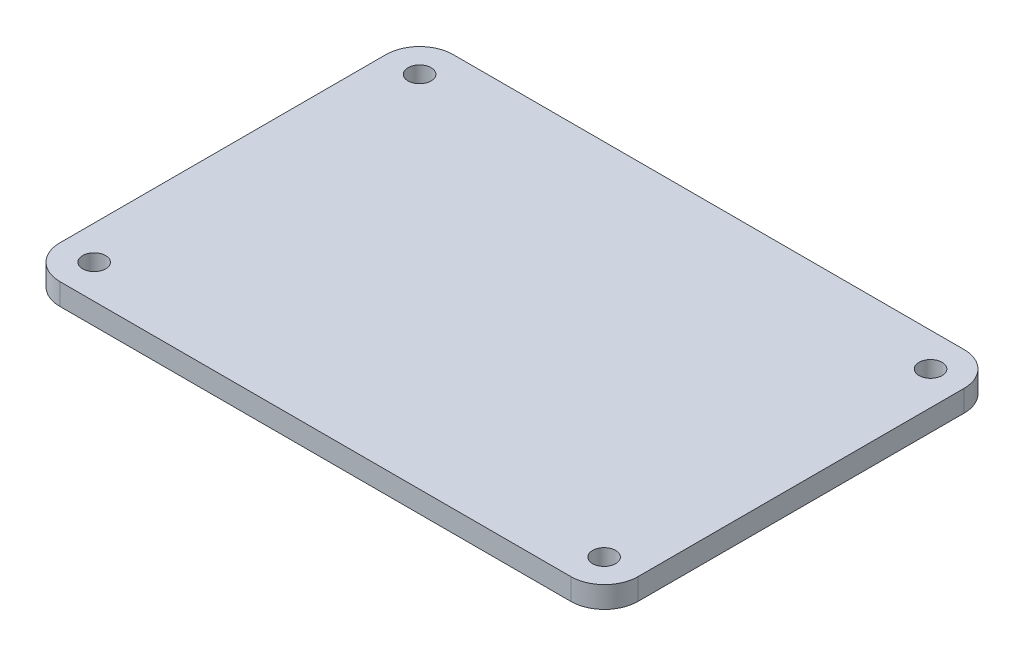
ISO-10303-21;
HEADER;
FILE_DESCRIPTION(('STEP AP214'),'2;1');
FILE_NAME('part.step','',(''),(''),'','','');
FILE_SCHEMA(('AUTOMOTIVE_DESIGN { 1 0 10303 214 1 1 1 1 }'));
ENDSEC;
DATA;
#1=APPLICATION_CONTEXT('core data for automotive mechanical design processes');
#2=APPLICATION_PROTOCOL_DEFINITION('international standard','automotive_design',2000,#1);
#3=PRODUCT_CONTEXT('',#1,'mechanical');
#4=PRODUCT('Part','Part','',(#3));
#5=PRODUCT_RELATED_PRODUCT_CATEGORY('part','',(#4));
#6=PRODUCT_DEFINITION_FORMATION('','',#4);
#7=PRODUCT_DEFINITION_CONTEXT('part definition',#1,'design');
#8=PRODUCT_DEFINITION('design','',#6,#7);
#9=PRODUCT_DEFINITION_SHAPE('','',#8);
#10=(LENGTH_UNIT() NAMED_UNIT(*) SI_UNIT(.MILLI.,.METRE.));
#11=(NAMED_UNIT(*) PLANE_ANGLE_UNIT() SI_UNIT($,.RADIAN.));
#12=(NAMED_UNIT(*) SI_UNIT($,.STERADIAN.) SOLID_ANGLE_UNIT());
#13=UNCERTAINTY_MEASURE_WITH_UNIT(LENGTH_MEASURE(1.E-05),#10,'distance_accuracy_value','');
#14=(GEOMETRIC_REPRESENTATION_CONTEXT(3) GLOBAL_UNCERTAINTY_ASSIGNED_CONTEXT((#13)) GLOBAL_UNIT_ASSIGNED_CONTEXT((#10,
#11,#12)) REPRESENTATION_CONTEXT('',''));
#15=CARTESIAN_POINT('',(0.,0.,0.));
#16=DIRECTION('',(0.,0.,1.));
#17=DIRECTION('',(1.,0.,0.));
#18=AXIS2_PLACEMENT_3D('',#15,#16,#17);
#19=CARTESIAN_POINT('',(110.992708305585,3.175,-138.788067041244));
#20=DIRECTION('',(0.,1.,0.));
#21=DIRECTION('',(0.,0.,1.));
#22=AXIS2_PLACEMENT_3D('',#19,#20,#21);
#23=PLANE('',#22);
#24=CARTESIAN_POINT('',(107.445530334738,3.175,-142.285856338533));
#25=DIRECTION('',(0.,1.,0.));
#26=DIRECTION('',(0.,0.,1.));
#27=AXIS2_PLACEMENT_3D('',#24,#25,#26);
#28=CIRCLE('',#27,1.7003914722854);
#29=CARTESIAN_POINT('',(107.445530334738,3.175,-140.585464866248));
#30=VERTEX_POINT('',#29);
#31=EDGE_CURVE('E217',#30,#30,#28,.T.);
#32=ORIENTED_EDGE('',*,*,#31,.F.);
#33=EDGE_LOOP('',(#32));
#34=FACE_BOUND('',#33,.T.);
#35=CARTESIAN_POINT('',(32.1803893114807,3.175,-190.337721151875));
#36=DIRECTION('',(0.,1.,0.));
#37=DIRECTION('',(0.,0.,1.));
#38=AXIS2_PLACEMENT_3D('',#35,#36,#37);
#39=CIRCLE('',#38,1.70038810793461);
#40=CARTESIAN_POINT('',(32.1803893114807,3.175,-188.63733304394));
#41=VERTEX_POINT('',#40);
#42=EDGE_CURVE('E229',#41,#41,#39,.T.);
#43=ORIENTED_EDGE('',*,*,#42,.F.);
#44=EDGE_LOOP('',(#43));
#45=FACE_BOUND('',#44,.T.);
#46=CARTESIAN_POINT('',(107.487861945513,3.175,-137.336384548185));
#47=CARTESIAN_POINT('',(110.22542094548,3.175,-137.336384548185));
#48=CARTESIAN_POINT('',(112.444385415682,3.175,-139.555359784311));
#49=CARTESIAN_POINT('',(112.444385415682,3.175,-142.292918784278));
#50=B_SPLINE_CURVE_WITH_KNOTS('',3,(#46,#47,#48,#49),.UNSPECIFIED.,.F.,.F.,(4,4),(7.,8.),.UNSPECIFIED.);
#51=CARTESIAN_POINT('',(107.487861945513,3.175,-137.336384548185));
#52=VERTEX_POINT('',#51);
#53=CARTESIAN_POINT('',(112.444385415682,3.175,-142.292918784278));
#54=VERTEX_POINT('',#53);
#55=EDGE_CURVE('E234',#52,#54,#50,.T.);
#56=ORIENTED_EDGE('',*,*,#55,.T.);
#57=DIRECTION('',(0.,0.,-1.));
#58=VECTOR('',#57,1.);
#59=CARTESIAN_POINT('',(112.444385415682,3.175,-190.380056799871));
#60=LINE('',#59,#58);
#61=CARTESIAN_POINT('',(112.444385415682,3.175,-190.380056799871));
#62=VERTEX_POINT('',#61);
#63=EDGE_CURVE('E94',#54,#62,#60,.T.);
#64=ORIENTED_EDGE('',*,*,#63,.T.);
#65=CARTESIAN_POINT('',(112.444385415682,3.175,-190.380056799871));
#66=CARTESIAN_POINT('',(112.444385415682,3.175,-193.117615799838));
#67=CARTESIAN_POINT('',(110.22542094548,3.175,-195.336585653002));
#68=CARTESIAN_POINT('',(107.487861945513,3.175,-195.336585653002));
#69=B_SPLINE_CURVE_WITH_KNOTS('',3,(#65,#66,#67,#68),.UNSPECIFIED.,.F.,.F.,(4,4),(5.,6.),.UNSPECIFIED.);
#70=CARTESIAN_POINT('',(107.487861945513,3.175,-195.336585653002));
#71=VERTEX_POINT('',#70);
#72=EDGE_CURVE('E160',#62,#71,#69,.T.);
#73=ORIENTED_EDGE('',*,*,#72,.T.);
#74=DIRECTION('',(-1.,0.,0.));
#75=VECTOR('',#74,1.);
#76=CARTESIAN_POINT('',(32.1345264778333,3.175,-195.336585653002));
#77=LINE('',#76,#75);
#78=CARTESIAN_POINT('',(32.1345264778333,3.175,-195.336585653002));
#79=VERTEX_POINT('',#78);
#80=EDGE_CURVE('E155',#71,#79,#77,.T.);
#81=ORIENTED_EDGE('',*,*,#80,.T.);
#82=CARTESIAN_POINT('',(32.1345264778333,3.175,-195.336585653002));
#83=CARTESIAN_POINT('',(29.3969701693475,3.175,-195.336585653002));
#84=CARTESIAN_POINT('',(27.1779976247024,3.175,-193.117610416876));
#85=CARTESIAN_POINT('',(27.1779976247024,3.175,-190.380056799871));
#86=B_SPLINE_CURVE_WITH_KNOTS('',3,(#82,#83,#84,#85),.UNSPECIFIED.,.F.,.F.,(4,4),(3.,4.),.UNSPECIFIED.);
#87=CARTESIAN_POINT('',(27.1779976247024,3.175,-190.380056799871));
#88=VERTEX_POINT('',#87);
#89=EDGE_CURVE('E113',#79,#88,#86,.T.);
#90=ORIENTED_EDGE('',*,*,#89,.T.);
#91=DIRECTION('',(0.,0.,1.));
#92=VECTOR('',#91,1.);
#93=CARTESIAN_POINT('',(27.1779976247024,3.175,-142.292908018355));
#94=LINE('',#93,#92);
#95=CARTESIAN_POINT('',(27.1779976247024,3.175,-142.292908018355));
#96=VERTEX_POINT('',#95);
#97=EDGE_CURVE('E107',#88,#96,#94,.T.);
#98=ORIENTED_EDGE('',*,*,#97,.T.);
#99=CARTESIAN_POINT('',(27.1779976247024,3.175,-142.292908018355));
#100=CARTESIAN_POINT('',(27.1779976247024,3.175,-139.555359784311));
#101=CARTESIAN_POINT('',(29.3969701693475,3.175,-137.336384548185));
#102=CARTESIAN_POINT('',(32.1345264778333,3.175,-137.336384548185));
#103=B_SPLINE_CURVE_WITH_KNOTS('',3,(#99,#100,#101,#102),.UNSPECIFIED.,.F.,.F.,(4,4),(1.,2.),.UNSPECIFIED.);
#104=CARTESIAN_POINT('',(32.1345264778333,3.175,-137.336384548185));
#105=VERTEX_POINT('',#104);
#106=EDGE_CURVE('E111',#96,#105,#103,.T.);
#107=ORIENTED_EDGE('',*,*,#106,.T.);
#108=DIRECTION('',(1.,0.,0.));
#109=VECTOR('',#108,1.);
#110=CARTESIAN_POINT('',(107.487861945513,3.175,-137.336384548185));
#111=LINE('',#110,#109);
#112=EDGE_CURVE('E51',#105,#52,#111,.T.);
#113=ORIENTED_EDGE('',*,*,#112,.T.);
#114=EDGE_LOOP('',(#56,#64,#73,#81,#90,#98,#107,#113));
#115=FACE_BOUND('',#114,.T.);
#116=CARTESIAN_POINT('',(32.1803893114807,3.175,-142.338781617925));
#117=DIRECTION('',(0.,1.,0.));
#118=DIRECTION('',(0.,0.,1.));
#119=AXIS2_PLACEMENT_3D('',#116,#117,#118);
#120=CIRCLE('',#119,1.70039012654498);
#121=CARTESIAN_POINT('',(32.1803893114807,3.175,-140.638391491381));
#122=VERTEX_POINT('',#121);
#123=EDGE_CURVE('E223',#122,#122,#120,.T.);
#124=ORIENTED_EDGE('',*,*,#123,.F.);
#125=EDGE_LOOP('',(#124));
#126=FACE_BOUND('',#125,.T.);
#127=CARTESIAN_POINT('',(107.494913625334,3.175,-190.387108479693));
#128=DIRECTION('',(0.,1.,0.));
#129=DIRECTION('',(0.,0.,1.));
#130=AXIS2_PLACEMENT_3D('',#127,#128,#129);
#131=CIRCLE('',#130,1.7003914722854);
#132=CARTESIAN_POINT('',(107.494913625334,3.175,-188.686717007407));
#133=VERTEX_POINT('',#132);
#134=EDGE_CURVE('E208',#133,#133,#131,.T.);
#135=ORIENTED_EDGE('',*,*,#134,.F.);
#136=EDGE_LOOP('',(#135));
#137=FACE_BOUND('',#136,.T.);
#138=ADVANCED_FACE('F33',(#34,#45,#115,#126,#137),#23,.T.);
#139=CARTESIAN_POINT('',(110.992708305585,0.,-138.788067041244));
#140=DIRECTION('',(0.,1.,0.));
#141=DIRECTION('',(0.,0.,1.));
#142=AXIS2_PLACEMENT_3D('',#139,#140,#141);
#143=PLANE('',#142);
#144=CARTESIAN_POINT('',(107.487861945513,0.,-137.336384548185));
#145=CARTESIAN_POINT('',(110.22542094548,0.,-137.336384548185));
#146=CARTESIAN_POINT('',(112.444385415682,0.,-139.555359784311));
#147=CARTESIAN_POINT('',(112.444385415682,0.,-142.292918784278));
#148=B_SPLINE_CURVE_WITH_KNOTS('',3,(#144,#145,#146,#147),.UNSPECIFIED.,.F.,.F.,(4,4),(7.,8.),.UNSPECIFIED.);
#149=CARTESIAN_POINT('',(107.487861945513,0.,-137.336384548185));
#150=VERTEX_POINT('',#149);
#151=CARTESIAN_POINT('',(112.444385415682,0.,-142.292918784278));
#152=VERTEX_POINT('',#151);
#153=EDGE_CURVE('E232',#150,#152,#148,.T.);
#154=ORIENTED_EDGE('',*,*,#153,.F.);
#155=DIRECTION('',(1.,0.,0.));
#156=VECTOR('',#155,1.);
#157=CARTESIAN_POINT('',(107.487861945513,0.,-137.336384548185));
#158=LINE('',#157,#156);
#159=CARTESIAN_POINT('',(32.1345264778333,0.,-137.336384548185));
#160=VERTEX_POINT('',#159);
#161=EDGE_CURVE('E86',#160,#150,#158,.T.);
#162=ORIENTED_EDGE('',*,*,#161,.F.);
#163=CARTESIAN_POINT('',(27.1779976247024,0.,-142.292908018355));
#164=CARTESIAN_POINT('',(27.1779976247024,0.,-139.555359784311));
#165=CARTESIAN_POINT('',(29.3969701693475,0.,-137.336384548185));
#166=CARTESIAN_POINT('',(32.1345264778333,0.,-137.336384548185));
#167=B_SPLINE_CURVE_WITH_KNOTS('',3,(#163,#164,#165,#166),.UNSPECIFIED.,.F.,.F.,(4,4),(1.,2.),.UNSPECIFIED.);
#168=CARTESIAN_POINT('',(27.1779976247024,0.,-142.292908018355));
#169=VERTEX_POINT('',#168);
#170=EDGE_CURVE('E80',#169,#160,#167,.T.);
#171=ORIENTED_EDGE('',*,*,#170,.F.);
#172=DIRECTION('',(0.,0.,1.));
#173=VECTOR('',#172,1.);
#174=CARTESIAN_POINT('',(27.1779976247024,0.,-142.292908018355));
#175=LINE('',#174,#173);
#176=CARTESIAN_POINT('',(27.1779976247024,0.,-190.380056799871));
#177=VERTEX_POINT('',#176);
#178=EDGE_CURVE('E121',#177,#169,#175,.T.);
#179=ORIENTED_EDGE('',*,*,#178,.F.);
#180=CARTESIAN_POINT('',(32.1345264778333,0.,-195.336585653002));
#181=CARTESIAN_POINT('',(29.3969701693475,0.,-195.336585653002));
#182=CARTESIAN_POINT('',(27.1779976247024,0.,-193.117610416876));
#183=CARTESIAN_POINT('',(27.1779976247024,0.,-190.380056799871));
#184=B_SPLINE_CURVE_WITH_KNOTS('',3,(#180,#181,#182,#183),.UNSPECIFIED.,.F.,.F.,(4,4),(3.,4.),.UNSPECIFIED.);
#185=CARTESIAN_POINT('',(32.1345264778333,0.,-195.336585653002));
#186=VERTEX_POINT('',#185);
#187=EDGE_CURVE('E269',#186,#177,#184,.T.);
#188=ORIENTED_EDGE('',*,*,#187,.F.);
#189=DIRECTION('',(-1.,0.,0.));
#190=VECTOR('',#189,1.);
#191=CARTESIAN_POINT('',(32.1345264778333,0.,-195.336585653002));
#192=LINE('',#191,#190);
#193=CARTESIAN_POINT('',(107.487861945513,0.,-195.336585653002));
#194=VERTEX_POINT('',#193);
#195=EDGE_CURVE('E267',#194,#186,#192,.T.);
#196=ORIENTED_EDGE('',*,*,#195,.F.);
#197=CARTESIAN_POINT('',(112.444385415682,0.,-190.380056799871));
#198=CARTESIAN_POINT('',(112.444385415682,0.,-193.117615799838));
#199=CARTESIAN_POINT('',(110.22542094548,0.,-195.336585653002));
#200=CARTESIAN_POINT('',(107.487861945513,0.,-195.336585653002));
#201=B_SPLINE_CURVE_WITH_KNOTS('',3,(#197,#198,#199,#200),.UNSPECIFIED.,.F.,.F.,(4,4),(5.,6.),.UNSPECIFIED.);
#202=CARTESIAN_POINT('',(112.444385415682,0.,-190.380056799871));
#203=VERTEX_POINT('',#202);
#204=EDGE_CURVE('E261',#203,#194,#201,.T.);
#205=ORIENTED_EDGE('',*,*,#204,.F.);
#206=DIRECTION('',(0.,0.,-1.));
#207=VECTOR('',#206,1.);
#208=CARTESIAN_POINT('',(112.444385415682,0.,-190.380056799871));
#209=LINE('',#208,#207);
#210=EDGE_CURVE('E265',#152,#203,#209,.T.);
#211=ORIENTED_EDGE('',*,*,#210,.F.);
#212=EDGE_LOOP('',(#154,#162,#171,#179,#188,#196,#205,#211));
#213=FACE_BOUND('',#212,.T.);
#214=CARTESIAN_POINT('',(32.1803893114807,0.,-190.337721151875));
#215=DIRECTION('',(0.,1.,0.));
#216=DIRECTION('',(0.,0.,1.));
#217=AXIS2_PLACEMENT_3D('',#214,#215,#216);
#218=CIRCLE('',#217,1.70038810793461);
#219=CARTESIAN_POINT('',(32.1803893114807,0.,-188.63733304394));
#220=VERTEX_POINT('',#219);
#221=EDGE_CURVE('E226',#220,#220,#218,.T.);
#222=ORIENTED_EDGE('',*,*,#221,.T.);
#223=EDGE_LOOP('',(#222));
#224=FACE_BOUND('',#223,.T.);
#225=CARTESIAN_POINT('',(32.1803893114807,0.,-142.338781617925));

▸ What you will do
Above are the entries. Output exactly the lines beginning with the line that has "#72=EDGE_CURVE('E160',#62,#71,#69,.T.);" and ending with the line that has "#81=ORIENTED_EDGE('',*,*,#80,.T.);".

▸ Result for this task
#72=EDGE_CURVE('E160',#62,#71,#69,.T.);
#73=ORIENTED_EDGE('',*,*,#72,.T.);
#74=DIRECTION('',(-1.,0.,0.));
#75=VECTOR('',#74,1.);
#76=CARTESIAN_POINT('',(32.1345264778333,3.175,-195.336585653002));
#77=LINE('',#76,#75);
#78=CARTESIAN_POINT('',(32.1345264778333,3.175,-195.336585653002));
#79=VERTEX_POINT('',#78);
#80=EDGE_CURVE('E155',#71,#79,#77,.T.);
#81=ORIENTED_EDGE('',*,*,#80,.T.);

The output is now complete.